People like Paul Reekie, one of Scotland’s best known poets, who was driven to suicide in May after his housing and incapacity benefits were stopped. People like Christelle Pardo and her five-month unborn baby who leapt to her death from a Hackney tower block. Her Job Seekers Allowance and housing benefit was withdrawn because she was considered unable to work due to her pregnancy and her claim for income support was turned down because she had not been in continuous employment in the UK for the previous five years.

Paul Reekie

Not just a tragic waste of life, but also utterly unnecessary. The IMF World Economic Outlook published in October suggested that far from continuing with austerity, Britain’s economy could be stimulated with new public spending. Indeed they estimated that for every £1 invested by Government, £2 would be generated for the economy.

Conversely, for every pound cut from the public services the economy suffers doubly. In other words, the Plan A of fiscal retrenchment is self-defeating in an already depressed economy, as Ed Randall argues.

While companies like Starbucks are allowed to avoid their taxes and millionaires pour their wealth into offshore companies ordinary people are caught between a rock and a hard place and many cannot bear living anymore.

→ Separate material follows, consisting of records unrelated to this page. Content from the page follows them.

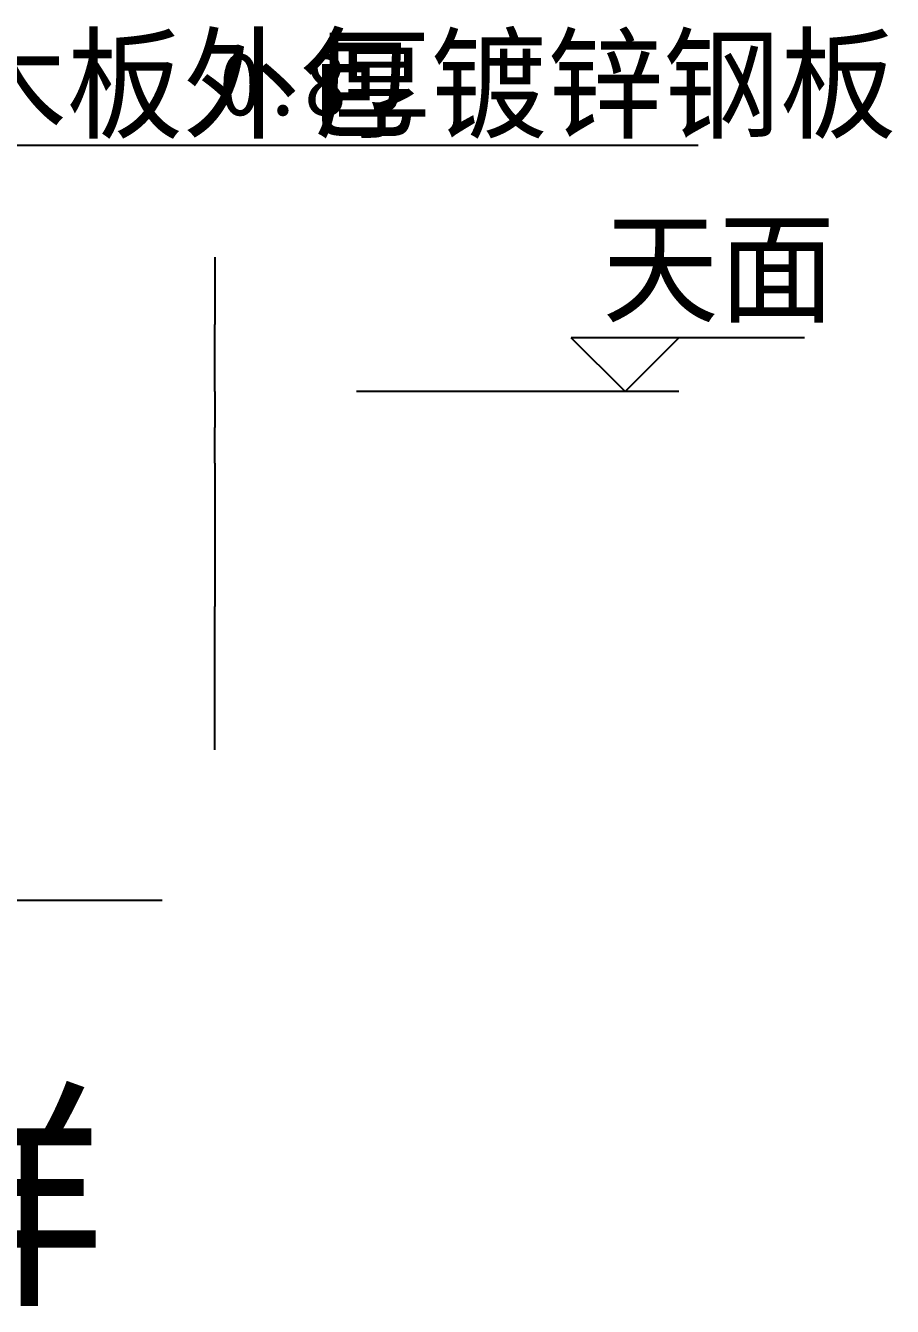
# Model space of a CAD drawing. Header units: metres. Extents: x 1061 to 3951, y 1905 to 3520.
# Drawn here: x 2983 to 3951, y 1968 to 3397 of the extents above; entities that cross this region are included whole.
import ezdxf

# ---------------------------------------------------------------- set-up
doc = ezdxf.new("R2010")
doc.units = ezdxf.units.M
for name, color, linetype in [('PUB_DIM', 3, 'Continuous'), ('PUB_TEXT', 7, 'Continuous'), ('S_OTHER', 7, 'Continuous'), ('S_SURFACE', 6, 'Continuous')]:
    doc.layers.add(name, color=color, linetype=linetype)
doc.dimstyles.get("Standard").update_dxf_attribs({"dimtxt": 2.5, "dimasz": 2.5, "dimexe": 1.25, "dimexo": 0.625, "dimtad": 1, "dimcen": 2.5, "dimazin": 3, "dimtfac": 1, "dimtmove": 0, "dimatfit": 3})

# ---------------------------------------------------------------- blocks, each defined once
blk = doc.blocks.new('*D1')
for p, q in [((3194.04, 2988.8), (3194.04, 2948.8)), ((3193.79, 2948.8), (3193.54, 2948.8)), ((3194.04, 2908.8), (3194.04, 2948.8)), ((3194.04, 2948.8), (3194.04, 2948.8)), ((3194.29, 2948.8), (3194.54, 2948.8))]:
    blk.add_line(p, q)
at = {"layer": 'Defpoints'}
for p in [(3194.04, 2988.8), (3194.04, 2948.8), (3194.04, 2908.8)]:
    blk.add_point(p, dxfattribs=at)
at = {"layer": 'PUB_DIM', "insert": (3194.04, 2949.925), "char_height": 1, "attachment_point": 5}
blk.add_mtext('0', dxfattribs=at)
blk = doc.blocks.new('*D2')
for p, q in [((3194.04, 3138.8), (3194.04, 3063.8)), ((3193.79, 3063.8), (3193.54, 3063.8)), ((3194.04, 2988.8), (3194.04, 3063.8)), ((3194.04, 3063.8), (3194.04, 3063.8)), ((3194.29, 3063.8), (3194.54, 3063.8))]:
    blk.add_line(p, q)
at = {"layer": 'Defpoints'}
for p in [(3194.04, 3138.8), (3194.04, 3063.8), (3194.04, 2988.8)]:
    blk.add_point(p, dxfattribs=at)
at = {"layer": 'PUB_DIM', "insert": (3194.04, 3064.925), "char_height": 1, "attachment_point": 5}
blk.add_mtext('0', dxfattribs=at)
blk = doc.blocks.new('*D10')
for p, q in [((3194.04, 2908.8), (3194.04, 2748.8)), ((3193.79, 2748.8), (3193.54, 2748.8)), ((3194.04, 2588.8), (3194.04, 2748.8)), ((3194.04, 2748.8), (3194.04, 2748.8)), ((3194.29, 2748.8), (3194.54, 2748.8))]:
    blk.add_line(p, q)
at = {"layer": 'Defpoints'}
for p in [(3194.04, 2908.8), (3194.04, 2748.8), (3194.04, 2588.8)]:
    blk.add_point(p, dxfattribs=at)
at = {"layer": 'PUB_DIM', "insert": (3194.04, 2749.925), "char_height": 1, "attachment_point": 5}
blk.add_mtext('0', dxfattribs=at)

msp = doc.modelspace()

# ---------------------------------------------------------------- linework, layer by layer
at = {"layer": 'PUB_DIM'}
for p, q in [((3852.79, 3048.8), (3592.24, 3048.8)), ((3652.24, 2988.8), (3592.24, 3048.8)), ((3712.24, 3048.8), (3652.24, 2988.8)), ((3712.24, 2988.8), (3352.24, 2988.8))]:
    msp.add_line(p, q, dxfattribs=at)
at = {"layer": 'S_OTHER'}
msp.add_line((3135.3, 2420.75), (2920.97, 2420.75), dxfattribs=at)
at = {"layer": 'S_SURFACE'}
msp.add_line((3733.93, 3263.61), (2629.61, 3263.61), dxfattribs=at)

# ---------------------------------------------------------------- texts
at = {"layer": 'PUB_DIM'}
for s, height, p in [('厚木板外包', 100, (2768.5, 3282.13)), ('厚镀锌钢板', 100, (3305.12, 3282.13)), ('0.8', 70, (3198.68, 3297.21)), ('天面', 100, (3626.91, 3076.86))]:
    msp.add_text(s, height=height, dxfattribs=at).set_placement(p)
at = {"layer": 'PUB_TEXT'}
msp.add_text('检修孔大样', height=200, dxfattribs=at).set_placement((1775, 1989.47))

# ---------------------------------------------------------------- dimensions: what is measured, and where the dimension line sits
at = {"layer": 'PUB_DIM'}
for base, p1, p2, picture, middle in [((3194.04, 3063.8), (3194.04, 2988.8), (3194.04, 3138.8), '*D2', (3194.04, 3064.925)), ((3194.04, 2948.8), (3194.04, 2908.8), (3194.04, 2988.8), '*D1', (3194.04, 2949.925)), ((3194.04, 2748.8), (3194.04, 2588.8), (3194.04, 2908.8), '*D10', (3194.04, 2749.925))]:
    dim = msp.add_linear_dim(base=base, p1=p1, p2=p2, dimstyle='Standard', dxfattribs=at)
    dim.commit()
    dim.dimension.update_dxf_attribs({"geometry": picture, "text_midpoint": middle})

doc.saveas('drawing.dxf')

A handful make the local news but most don’t. For every Richard Sanderson, a dad-of-four from Wimbledon who stabbed himself in the heart after a housing benefit cut, there are many more like him. Some benefit claimants make a splash, like the man who set himself alight in a Birmingham jobcentre, but most suffer silently, and a few die quietly and anonymously.

The forgotten victims of the Government’s misguided war on the deficit. A war that is going nowhere fast as many thousands sink into despair and hopelessness, and some regrettably take the ultimate way out.

Welfare kills, job losses kill. And ministers who refuse to heed the calls for a change in economic strategy bear much responsibility for this shockingly large loss of life which is continuing on an almost daily basis. It rarely makes the headlines but is one of the greatest scandals of modern times.

The scandal of the 1,000 – perhaps 2,000 by now – victims of the economic depression, and the scandal of the economic strategy that is actually taking us backwards.